# Exercise instructions:
The lines to print are the one containing "floor to c0a16e182cdbdf3e_F2_dwelling_3" and every line after it through the end of the entries below. Print them exactly and nothing else.

# Provided data:
* * * * * * *
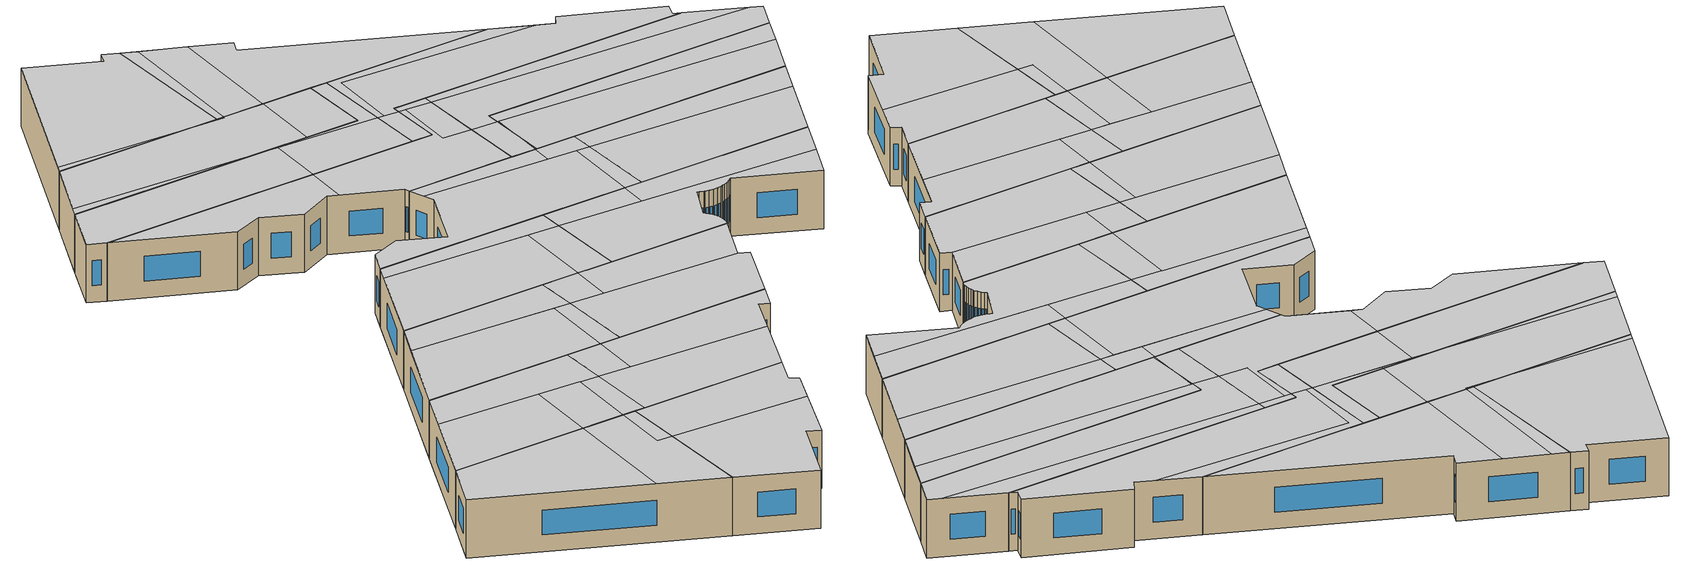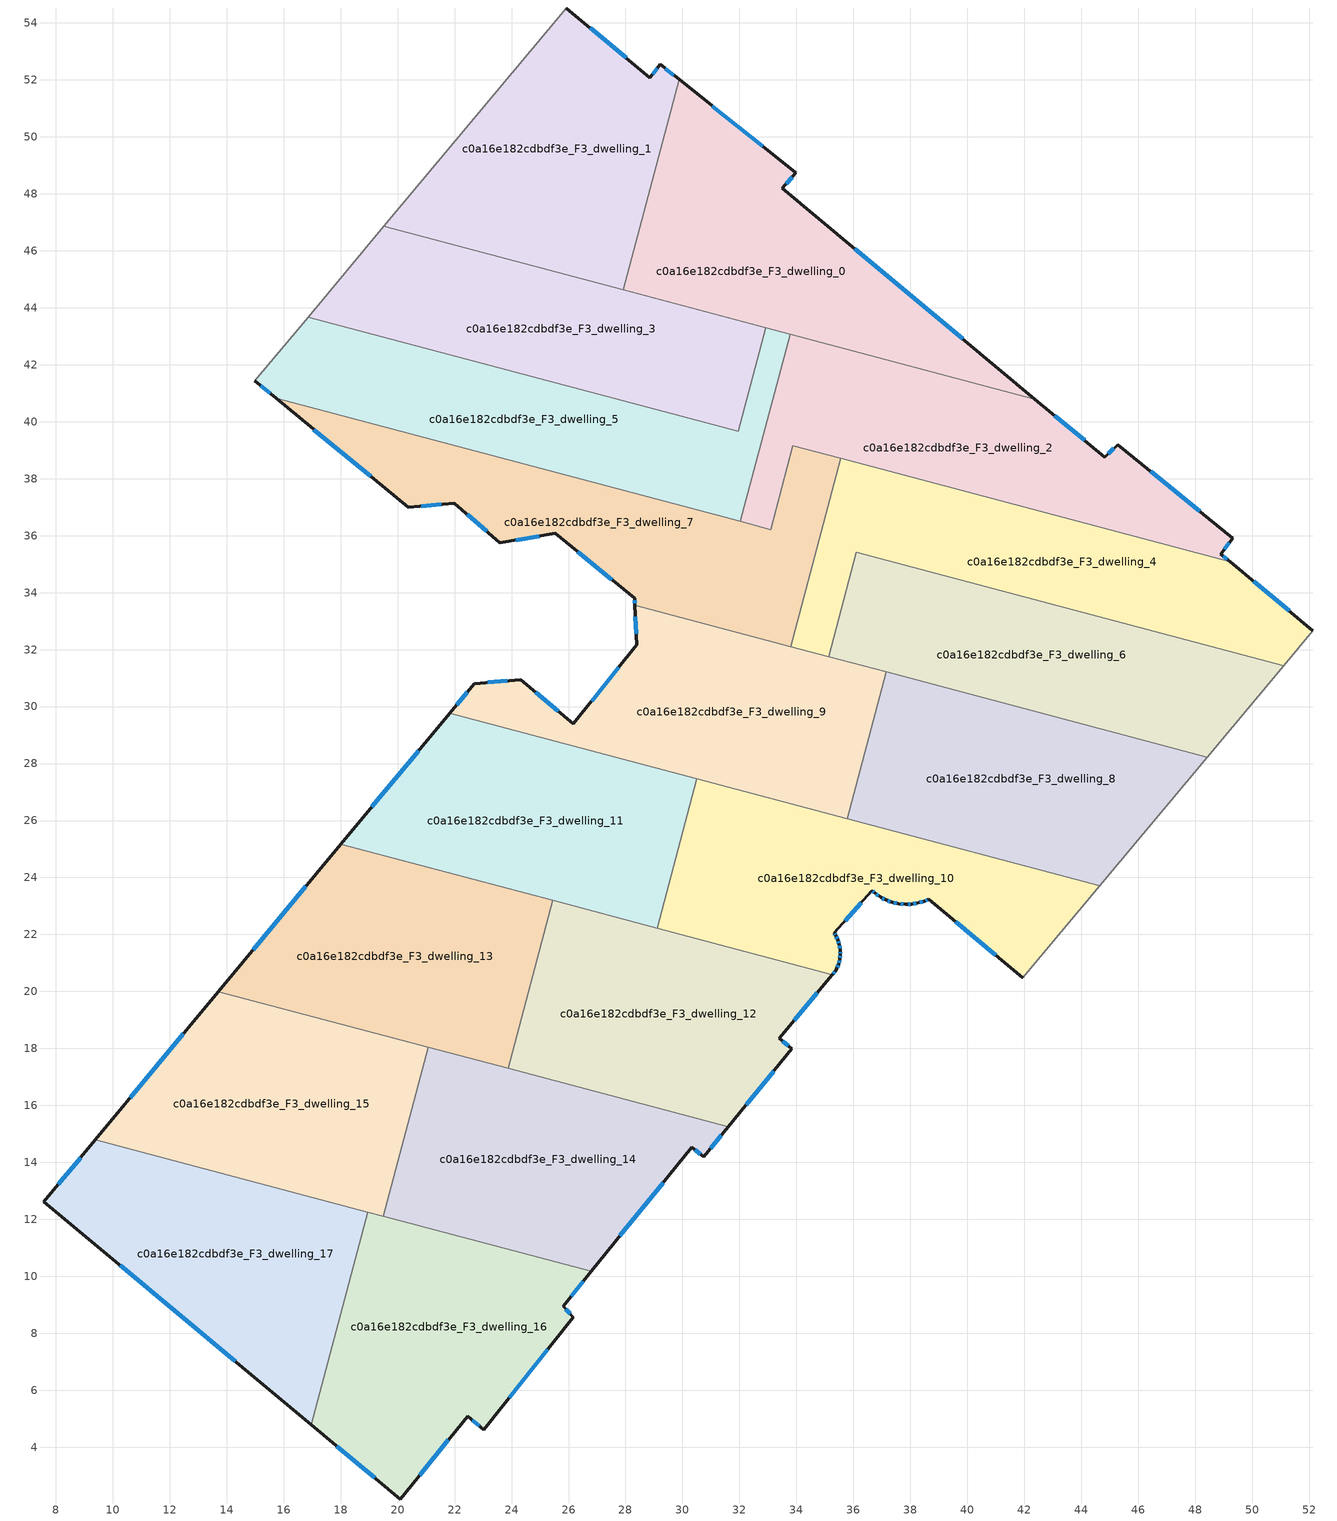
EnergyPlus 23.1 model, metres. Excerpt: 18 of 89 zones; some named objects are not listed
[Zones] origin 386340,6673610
c0a16e182cdbdf3e_F3_dwelling_0
 floor to c0a16e182cdbdf3e_F2_dwelling_0 (EU_floor_Construction): 33.98,48.74 33.51,48.2 42.38,40.8 27.92,44.63 29.88,52.02 z9
 wall outside (EU_wall_Construction): 42.38,40.8 33.51,48.2 33.98,48.74 29.88,52.02 z9:12
 wall to c0a16e182cdbdf3e_F3_dwelling_1 (EU_wall_Construction): 29.88,52.02 27.92,44.63 z9:12
 wall to c0a16e182cdbdf3e_F3_dwelling_2 (EU_wall_Construction): 33.78,43.08 42.38,40.8 z9:12
 wall to c0a16e182cdbdf3e_F3_dwelling_5 (EU_wall_Construction): 32.92,43.31 33.78,43.08 z9:12
 wall to c0a16e182cdbdf3e_F3_dwelling_3 (EU_wall_Construction): 27.92,44.63 32.92,43.31 z9:12
 window (EU_Window_Construction): 39.84,42.91 36.04,46.08 / 32.81,49.68 31.05,51.08 / 33.64,48.35 33.85,48.59 z9.86:11.14
 ceiling to c0a16e182cdbdf3e_F4_dwelling_0 (EU_floor_Construction): 42.38,40.8 33.51,48.2 33.98,48.74 32.33,50.07 30.38,43.98 z12
 ceiling to c0a16e182cdbdf3e_F4_dwelling_3 (EU_floor_Construction): 30.38,43.98 32.33,50.07 30.54,51.5 28.31,44.53 z12
 ceiling to c0a16e182cdbdf3e_F4_dwelling_1 (EU_floor_Construction): 28.31,44.53 30.54,51.5 29.88,52.02 27.92,44.63 z12
c0a16e182cdbdf3e_F3_dwelling_1
 floor to c0a16e182cdbdf3e_F2_dwelling_1 (EU_floor_Construction): 29.21,52.55 29.88,52.02 27.92,44.63 19.52,46.86 25.91,54.53 28.86,52.07 z9
 wall outside (EU_wall_Construction): 29.88,52.02 29.21,52.55 28.86,52.07 25.91,54.53 z9:12
 wall adiabatic (EU_wall_Construction): 25.91,54.53 19.52,46.86 z9:12
 wall to c0a16e182cdbdf3e_F3_dwelling_3 (EU_wall_Construction): 19.52,46.86 27.92,44.63 z9:12
 window (EU_Window_Construction): 28.02,52.77 26.76,53.82 / 29.11,52.41 28.96,52.21 / 29.69,52.17 29.4,52.4 z9.86:11.14
 ceiling to c0a16e182cdbdf3e_F4_dwelling_1 (EU_floor_Construction): 27.92,44.63 29.88,52.02 29.21,52.55 28.86,52.07 25.91,54.53 19.77,47.16 26.41,45.03 z12
 ceiling to c0a16e182cdbdf3e_F4_dwelling_3 (EU_floor_Construction): 26.41,45.03 19.77,47.16 19.52,46.86 z12
c0a16e182cdbdf3e_F3_dwelling_10
 floor to c0a16e182cdbdf3e_F2_dwelling_10 (EU_floor_Construction): 44.65,23.71 41.95,20.47 38.65,23.24 38.5,23.17 38.28,23.11 38.05,23.07 37.89,23.06 37.82,23.06 37.6,23.08 37.58,23.08 37.36,23.13 37.14,23.21 36.97,23.3 36.94,23.32 36.75,23.46 36.65,23.54 35.33,22.06 35.38,21.97 35.46,21.81 35.51,21.64 35.53,21.48 35.54,21.4 35.54,21.3 35.52,21.13 35.48,20.97 35.42,20.8 35.39,20.73 35.27,20.59 29.11,22.22 30.5,27.46 z9
 wall outside (EU_wall_Construction): 35.27,20.59 35.39,20.73 35.42,20.8 35.48,20.97 35.52,21.13 35.54,21.3 35.54,21.4 35.53,21.48 35.51,21.64 35.46,21.81 35.38,21.97 35.33,22.06 36.65,23.54 36.75,23.46 36.94,23.32 36.97,23.3 37.14,23.21 37.36,23.13 37.58,23.08 37.6,23.08 37.82,23.06 37.89,23.06 38.05,23.07 38.28,23.11 38.5,23.17 38.65,23.24 41.95,20.47 z9:12
 wall to c0a16e182cdbdf3e_F3_dwelling_11 (EU_wall_Construction): 30.5,27.46 29.11,22.22 z9:12
 wall adiabatic (EU_wall_Construction): 41.95,20.47 44.65,23.71 z9:12
 wall to c0a16e182cdbdf3e_F3_dwelling_12 (EU_wall_Construction): 29.11,22.22 35.27,20.59 z9:12
 wall to c0a16e182cdbdf3e_F3_dwelling_8 (EU_wall_Construction): 44.65,23.71 35.78,26.07 z9:12
 wall to c0a16e182cdbdf3e_F3_dwelling_9 (EU_wall_Construction): 35.78,26.07 30.5,27.46 z9:12
 window (EU_Window_Construction): 35.49,21.69 35.47,21.76 / 35.53,21.52 35.51,21.6 / 35.54,21.33 35.54,21.37 / 35.53,21.18 35.54,21.26 / 35.5,21.01 35.51,21.09 / 35.44,20.85 35.47,20.92 / 35.3,20.63 35.35,20.69 / 39.59,22.45 41.01,21.26 / 38.54,23.19 38.6,23.22 / 38.34,23.12 38.43,23.15 / 38.11,23.08 38.21,23.09 / 37.93,23.06 38,23.07 / 37.66,23.07 37.75,23.06 / 37.42,23.12 37.52,23.1 / 37.2,23.19 37.3,23.16 / 37.02,23.28 37.09,23.24 / 36.8,23.42 36.88,23.36 / 36.68,23.52 36.72,23.48 / 35.71,22.48 36.27,23.12 / 35.37,21.99 35.35,22.03 / 35.43,21.85 35.4,21.92 z9.86:11.14
 ceiling to c0a16e182cdbdf3e_F4_dwelling_10 (EU_floor_Construction): 41.95,20.47 43.26,22.05 30.18,26.24 29.11,22.22 35.27,20.59 35.39,20.73 35.42,20.8 35.48,20.97 35.52,21.13 35.53,21.21 35.54,21.3 35.54,21.4 35.53,21.48 35.51,21.64 35.46,21.81 35.38,21.97 35.33,22.06 36.65,23.54 36.75,23.46 36.94,23.32 37.14,23.21 37.36,23.13 37.58,23.08 37.6,23.08 37.82,23.06 37.89,23.06 38.05,23.07 38.28,23.11 38.5,23.17 38.65,23.24 z12
 ceiling to c0a16e182cdbdf3e_F4_dwelling_8 (EU_floor_Construction): 43.26,22.05 44.65,23.71 34.88,26.31 34.42,24.88 z12
 ceiling to c0a16e182cdbdf3e_F4_dwelling_9 (EU_floor_Construction): 34.42,24.88 34.88,26.31 30.5,27.46 30.18,26.24 z12
c0a16e182cdbdf3e_F3_dwelling_11
 floor to c0a16e182cdbdf3e_F2_dwelling_11 (EU_floor_Construction): 30.5,27.46 29.11,22.22 18.01,25.16 21.83,29.76 z9
 wall outside (EU_wall_Construction): 21.83,29.76 18.01,25.16 z9:12
 wall to c0a16e182cdbdf3e_F3_dwelling_9 (EU_wall_Construction): 30.5,27.46 21.83,29.76 z9:12
 wall to c0a16e182cdbdf3e_F3_dwelling_13 (EU_wall_Construction): 18.01,25.16 25.44,23.19 z9:12
 wall to c0a16e182cdbdf3e_F3_dwelling_12 (EU_wall_Construction): 25.44,23.19 29.11,22.22 z9:12
 window (EU_Window_Construction): 20.74,28.45 19.1,26.48 z9.86:11.14
 ceiling to c0a16e182cdbdf3e_F4_dwelling_11 (EU_floor_Construction): 27.3,22.7 28.6,26.74 21.27,29.09 18.01,25.16 z12
 ceiling to c0a16e182cdbdf3e_F4_dwelling_9 (EU_floor_Construction): 30.18,26.24 30.5,27.46 21.83,29.76 21.27,29.09 z12
 ceiling to c0a16e182cdbdf3e_F4_dwelling_10 (EU_floor_Construction): 29.11,22.22 30.18,26.24 28.6,26.74 27.3,22.7 z12
c0a16e182cdbdf3e_F3_dwelling_12
 floor to c0a16e182cdbdf3e_F2_dwelling_12 (EU_floor_Construction): 35.27,20.59 33.4,18.36 33.84,17.99 31.61,15.25 23.88,17.3 25.44,23.19 z9
 wall outside (EU_wall_Construction): 31.61,15.25 33.84,17.99 33.4,18.36 35.27,20.59 z9:12
 wall to c0a16e182cdbdf3e_F3_dwelling_13 (EU_wall_Construction): 25.44,23.19 23.88,17.3 z9:12
 wall to c0a16e182cdbdf3e_F3_dwelling_14 (EU_wall_Construction): 23.88,17.3 31.61,15.25 z9:12
 window (EU_Window_Construction): 33.71,18.09 33.52,18.25 / 32.25,16.03 33.2,17.2 / 33.93,18.99 34.73,19.95 z9.86:11.14
 ceiling to c0a16e182cdbdf3e_F4_dwelling_12 (EU_floor_Construction): 31.61,15.25 33.84,17.99 33.4,18.35 24.88,21.08 23.88,17.3 z12
 ceiling to c0a16e182cdbdf3e_F4_dwelling_10 (EU_floor_Construction): 33.4,18.36 35.27,20.59 27.3,22.7 26.61,20.53 z12
 ceiling to c0a16e182cdbdf3e_F4_dwelling_11 (EU_floor_Construction): 26.61,20.53 27.3,22.7 25.44,23.19 24.88,21.08 z12
c0a16e182cdbdf3e_F3_dwelling_13
 floor to c0a16e182cdbdf3e_F2_dwelling_13 (EU_floor_Construction): 25.44,23.19 23.88,17.3 13.71,19.99 18.01,25.16 z9
 wall outside (EU_wall_Construction): 18.01,25.16 13.71,19.99 z9:12
 wall to c0a16e182cdbdf3e_F3_dwelling_15 (EU_wall_Construction): 13.71,19.99 21.07,18.04 z9:12
 wall to c0a16e182cdbdf3e_F3_dwelling_14 (EU_wall_Construction): 21.07,18.04 23.88,17.3 z9:12
 window (EU_Window_Construction): 16.78,23.69 14.94,21.47 z9.86:11.14
 ceiling to c0a16e182cdbdf3e_F4_dwelling_11 (EU_floor_Construction): 24.88,21.08 25.44,23.19 18.01,25.16 16.77,23.68 z12
 ceiling to c0a16e182cdbdf3e_F4_dwelling_12 (EU_floor_Construction): 23.88,17.3 24.88,21.08 24.05,21.35 22.85,17.57 z12
 ceiling adiabatic (EU_roof_Construction): 22.85,17.57 24.05,21.35 16.77,23.68 13.71,19.99 z12
c0a16e182cdbdf3e_F3_dwelling_14
 floor to c0a16e182cdbdf3e_F2_dwelling_14 (EU_floor_Construction): 31.61,15.25 30.75,14.19 30.33,14.54 26.8,10.17 19.49,12.1 21.07,18.04 z9
 wall outside (EU_wall_Construction): 26.8,10.17 30.33,14.54 30.75,14.19 31.61,15.25 z9:12
 wall to c0a16e182cdbdf3e_F3_dwelling_15 (EU_wall_Construction): 21.07,18.04 19.49,12.1 z9:12
 wall to c0a16e182cdbdf3e_F3_dwelling_16 (EU_wall_Construction): 19.49,12.1 26.8,10.17 z9:12
 window (EU_Window_Construction): 30.45,14.44 30.63,14.29 / 27.81,11.42 29.32,13.29 / 31,14.49 31.36,14.95 z9.86:11.14
 ceiling to c0a16e182cdbdf3e_F4_dwelling_14 (EU_floor_Construction): 26.8,10.17 28.99,12.88 20.43,15.62 19.49,12.1 z12
 ceiling to c0a16e182cdbdf3e_F4_dwelling_12 (EU_floor_Construction): 30.75,14.19 31.61,15.25 22.85,17.57 22.06,15.1 28.99,12.88 30.33,14.54 z12
 ceiling to c0a16e182cdbdf3e_F4_dwelling_13 (EU_floor_Construction): 22.06,15.1 22.85,17.57 21.07,18.04 20.43,15.62 z12
c0a16e182cdbdf3e_F3_dwelling_15
 floor to c0a16e182cdbdf3e_F2_dwelling_15 (EU_floor_Construction): 21.07,18.04 19.49,12.1 9.38,14.79 13.71,19.99 z9
 wall outside (EU_wall_Construction): 13.71,19.99 9.38,14.79 z9:12
 wall to c0a16e182cdbdf3e_F3_dwelling_17 (EU_wall_Construction): 9.38,14.79 18.96,12.25 z9:12
 wall to c0a16e182cdbdf3e_F3_dwelling_16 (EU_wall_Construction): 18.96,12.25 19.5,12.1 z9:12
 window (EU_Window_Construction): 12.47,18.51 10.62,16.27 z9.86:11.14
 ceiling to c0a16e182cdbdf3e_F4_dwelling_16 (EU_floor_Construction): 16.18,12.98 17.34,16.61 12.25,18.24 9.38,14.79 z12
 ceiling to c0a16e182cdbdf3e_F4_dwelling_15 (EU_floor_Construction): 18.32,12.42 19.45,15.94 17.34,16.61 16.18,12.98 z12
 ceiling to c0a16e182cdbdf3e_F4_dwelling_13 (EU_floor_Construction): 20.43,15.62 21.07,18.04 13.71,19.99 12.25,18.24 z12
 ceiling to c0a16e182cdbdf3e_F4_dwelling_14 (EU_floor_Construction): 19.49,12.1 20.43,15.62 19.45,15.94 18.32,12.42 z12
c0a16e182cdbdf3e_F3_dwelling_16
 floor to c0a16e182cdbdf3e_F2_dwelling_16 (EU_floor_Construction): 26.8,10.17 25.81,8.95 26.16,8.57 23.02,4.61 22.46,5.08 20.09,2.18 16.98,4.78 18.96,12.25 z9
 wall outside (EU_wall_Construction): 16.98,4.78 20.09,2.18 22.46,5.08 23.02,4.61 26.16,8.57 25.81,8.95 26.8,10.17 z9:12
 wall to c0a16e182cdbdf3e_F3_dwelling_17 (EU_wall_Construction): 18.96,12.25 16.98,4.78 z9:12
 window (EU_Window_Construction): 22.62,4.95 22.86,4.75 / 20.77,3.01 21.78,4.25 / 17.87,4.04 19.2,2.92 / 26.09,9.3 26.51,9.82 / 26.06,8.68 25.91,8.84 / 23.92,5.74 25.27,7.44 z9.86:11.14
 ceiling to c0a16e182cdbdf3e_F4_dwelling_15 (EU_floor_Construction): 23.02,4.61 25.07,7.19 18.2,9.39 16.98,4.78 20.09,2.18 22.46,5.08 z12
 ceiling to c0a16e182cdbdf3e_F4_dwelling_14 (EU_floor_Construction): 26.16,8.57 25.81,8.95 26.8,10.17 18.96,12.25 18.2,9.39 25.07,7.19 z12
c0a16e182cdbdf3e_F3_dwelling_17
 floor to c0a16e182cdbdf3e_F2_dwelling_17 (EU_floor_Construction): 18.96,12.25 16.98,4.78 7.58,12.62 9.38,14.79 z9
 wall outside (EU_wall_Construction): 9.38,14.79 7.58,12.62 16.98,4.78 z9:12
 window (EU_Window_Construction): 8.87,14.17 8.09,13.24 / 10.26,10.38 14.29,7.02 z9.86:11.14
 ceiling to c0a16e182cdbdf3e_F4_dwelling_16 (EU_floor_Construction): 14.28,7.03 16.18,12.98 9.38,14.79 7.58,12.62 z12
 ceiling to c0a16e182cdbdf3e_F4_dwelling_15 (EU_floor_Construction): 16.98,4.78 18.2,9.39 17.43,9.64 18.32,12.42 16.18,12.98 14.28,7.03 z12
 ceiling to c0a16e182cdbdf3e_F4_dwelling_14 (EU_floor_Construction): 18.2,9.39 18.96,12.25 18.32,12.42 17.43,9.64 z12
c0a16e182cdbdf3e_F3_dwelling_2
 floor to c0a16e182cdbdf3e_F2_dwelling_2 (EU_floor_Construction): 45.28,39.19 49.33,35.91 48.9,35.36 49.22,35.09 33.87,39.16 33.09,36.22 32.03,36.5 33.78,43.08 42.38,40.8 44.82,38.76 z9
 wall outside (EU_wall_Construction): 49.22,35.09 48.9,35.36 49.33,35.91 45.28,39.19 44.82,38.76 42.38,40.8 z9:12
 wall to c0a16e182cdbdf3e_F3_dwelling_7 (EU_wall_Construction): 32.03,36.5 33.09,36.22 33.87,39.16 35.55,38.71 z9:12
 wall to c0a16e182cdbdf3e_F3_dwelling_5 (EU_wall_Construction): 33.78,43.08 32.03,36.5 z9:12
 wall to c0a16e182cdbdf3e_F3_dwelling_4 (EU_wall_Construction): 35.55,38.71 49.22,35.09 z9:12
 window (EU_Window_Construction): 45.15,39.07 44.95,38.88 / 48.17,36.85 46.43,38.25 / 49.02,35.52 49.2,35.75 / 49.13,35.16 48.99,35.28 / 44.12,39.34 43.07,40.22 z9.86:11.14
 ceiling to c0a16e182cdbdf3e_F4_dwelling_2 (EU_floor_Construction): 49.22,35.09 48.9,35.36 49.33,35.91 45.28,39.19 44.82,38.76 44.08,39.38 34.19,42.54 33.06,39.02 33.78,38.79 33.87,39.16 z12
 ceiling to c0a16e182cdbdf3e_F4_dwelling_0 (EU_floor_Construction): 44.08,39.38 42.38,40.8 33.78,43.08 32.73,39.13 33.06,39.02 34.19,42.54 z12
 ceiling to c0a16e182cdbdf3e_F4_dwelling_6 (EU_floor_Construction): 33.09,36.22 33.78,38.79 33.06,39.02 32.73,39.13 32.03,36.5 z12
c0a16e182cdbdf3e_F3_dwelling_3
 floor to c0a16e182cdbdf3e_F2_dwelling_3 (EU_floor_Construction): 32.92,43.31 31.96,39.67 16.85,43.67 19.52,46.86 z9
 wall to c0a16e182cdbdf3e_F3_dwelling_5 (EU_wall_Construction): 16.85,43.67 31.96,39.67 32.92,43.31 z9:12
 wall adiabatic (EU_wall_Construction): 19.52,46.86 16.85,43.67 z9:12
 ceiling to c0a16e182cdbdf3e_F4_dwelling_3 (EU_floor_Construction): 29.23,40.39 30.38,43.98 28.31,44.53 28.28,44.43 26.41,45.03 19.52,46.86 17.21,44.09 26.59,41.09 z12
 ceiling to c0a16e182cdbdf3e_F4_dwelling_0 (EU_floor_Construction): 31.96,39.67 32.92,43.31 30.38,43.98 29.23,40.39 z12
* * * * * * *
# Written reply:
 floor to c0a16e182cdbdf3e_F2_dwelling_3 (EU_floor_Construction): 32.92,43.31 31.96,39.67 16.85,43.67 19.52,46.86 z9
 wall to c0a16e182cdbdf3e_F3_dwelling_5 (EU_wall_Construction): 16.85,43.67 31.96,39.67 32.92,43.31 z9:12
 wall adiabatic (EU_wall_Construction): 19.52,46.86 16.85,43.67 z9:12
 ceiling to c0a16e182cdbdf3e_F4_dwelling_3 (EU_floor_Construction): 29.23,40.39 30.38,43.98 28.31,44.53 28.28,44.43 26.41,45.03 19.52,46.86 17.21,44.09 26.59,41.09 z12
 ceiling to c0a16e182cdbdf3e_F4_dwelling_0 (EU_floor_Construction): 31.96,39.67 32.92,43.31 30.38,43.98 29.23,40.39 z12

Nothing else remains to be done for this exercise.